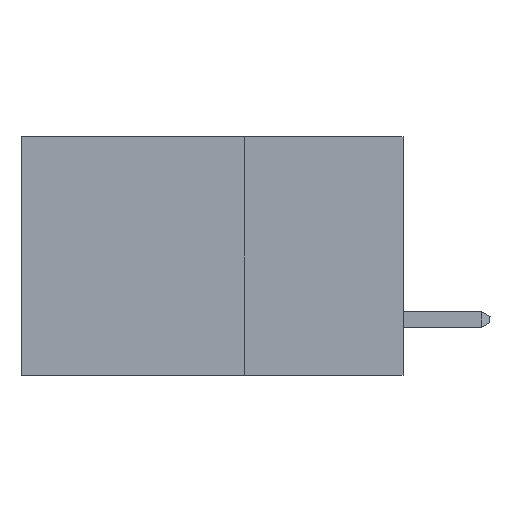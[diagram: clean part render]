
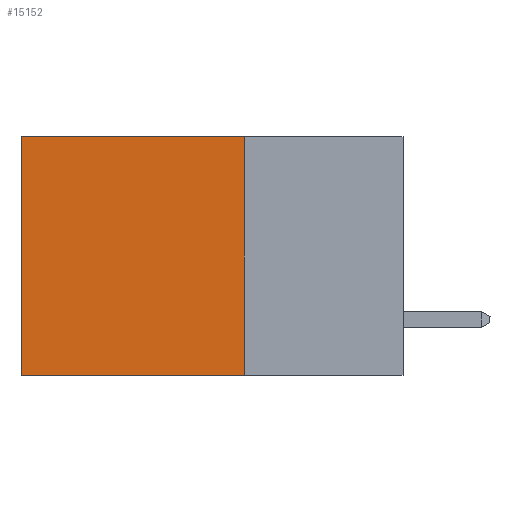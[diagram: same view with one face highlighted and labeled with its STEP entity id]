
A CAD part, left-side view. The second image highlights one B-rep face of the part: STEP entity #15152.
In plain terms, the highlighted planar face has unit normal (-1, 0, 0).
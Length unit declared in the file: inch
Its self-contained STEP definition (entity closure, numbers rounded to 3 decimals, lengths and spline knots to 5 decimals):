
#312 = ORIENTED_EDGE ( 'NONE', *, *, #12635, .F. ) ;
#659 = CARTESIAN_POINT ( 'NONE',  ( 0.2875, 0.25, -0.375 ) ) ;
#738 = CARTESIAN_POINT ( 'NONE',  ( 0.2875, 0.25, 0. ) ) ;
#1791 = CARTESIAN_POINT ( 'NONE',  ( 0.2875, 0.6, -0.375 ) ) ;
#1871 = DIRECTION ( 'NONE',  ( 0., 1., 0. ) ) ;
#3229 = VERTEX_POINT ( 'NONE', #1791 ) ;
#3403 = DIRECTION ( 'NONE',  ( 0., 0., -1. ) ) ;
#3432 = VERTEX_POINT ( 'NONE', #15042 ) ;
#3465 = AXIS2_PLACEMENT_3D ( 'NONE', #659, #9491, #7016 ) ;
#3604 = ORIENTED_EDGE ( 'NONE', *, *, #3813, .T. ) ;
#3791 = EDGE_CURVE ( 'NONE', #5884, #14808, #8202, .T. ) ;
#3813 = EDGE_CURVE ( 'NONE', #3432, #3229, #13093, .T. ) ;
#3838 = VECTOR ( 'NONE', #3403, 39.37008 ) ;
#4630 = DIRECTION ( 'NONE',  ( 0., 0., -1. ) ) ;
#5611 = VECTOR ( 'NONE', #4630, 39.37008 ) ;
#5841 = CARTESIAN_POINT ( 'NONE',  ( 0.2875, 0.6, -0.375 ) ) ;
#5884 = VERTEX_POINT ( 'NONE', #15274 ) ;
#6165 = DIRECTION ( 'NONE',  ( 0., 1., 0. ) ) ;
#6262 = LINE ( 'NONE', #8857, #16270 ) ;
#7016 = DIRECTION ( 'NONE',  ( 0., 0., -1. ) ) ;
#7078 = VECTOR ( 'NONE', #1871, 39.37008 ) ;
#7223 = EDGE_LOOP ( 'NONE', ( #3604, #312, #15226, #9967 ) ) ;
#8202 = LINE ( 'NONE', #9721, #3838 ) ;
#8857 = CARTESIAN_POINT ( 'NONE',  ( 0.2875, 0.25, -0.375 ) ) ;
#9491 = DIRECTION ( 'NONE',  ( 1., 0., 0. ) ) ;
#9567 = EDGE_CURVE ( 'NONE', #5884, #3432, #10412, .T. ) ;
#9721 = CARTESIAN_POINT ( 'NONE',  ( 0.2875, 0.25, -0.375 ) ) ;
#9967 = ORIENTED_EDGE ( 'NONE', *, *, #9567, .T. ) ;
#10412 = LINE ( 'NONE', #738, #7078 ) ;
#11447 = CARTESIAN_POINT ( 'NONE',  ( 0.2875, 0.25, -0.375 ) ) ;
#12635 = EDGE_CURVE ( 'NONE', #14808, #3229, #6262, .T. ) ;
#13093 = LINE ( 'NONE', #5841, #5611 ) ;
#14519 = PLANE ( 'NONE',  #3465 ) ;
#14808 = VERTEX_POINT ( 'NONE', #11447 ) ;
#15042 = CARTESIAN_POINT ( 'NONE',  ( 0.2875, 0.6, 0. ) ) ;
#15152 = ADVANCED_FACE ( 'NONE', ( #15790 ), #14519, .F. ) ;
#15226 = ORIENTED_EDGE ( 'NONE', *, *, #3791, .F. ) ;
#15274 = CARTESIAN_POINT ( 'NONE',  ( 0.2875, 0.25, 0. ) ) ;
#15790 = FACE_OUTER_BOUND ( 'NONE', #7223, .T. ) ;
#16270 = VECTOR ( 'NONE', #6165, 39.37008 ) ;

■ ■ ■ ■ ■

=== Problem requirements ===
In the data above, retype exactly and only the lines between the one holding "A CAD part, left-side" and the one holding "Its self-contained STEP", inclusive.

=== Answer section ===
A CAD part, left-side view. The second image highlights one B-rep face of the part: STEP entity #15152.
In plain terms, the highlighted planar face has unit normal (-1, 0, 0).
Length unit declared in the file: inch
Its self-contained STEP definition (entity closure, numbers rounded to 3 decimals, lengths and spline knots to 5 decimals):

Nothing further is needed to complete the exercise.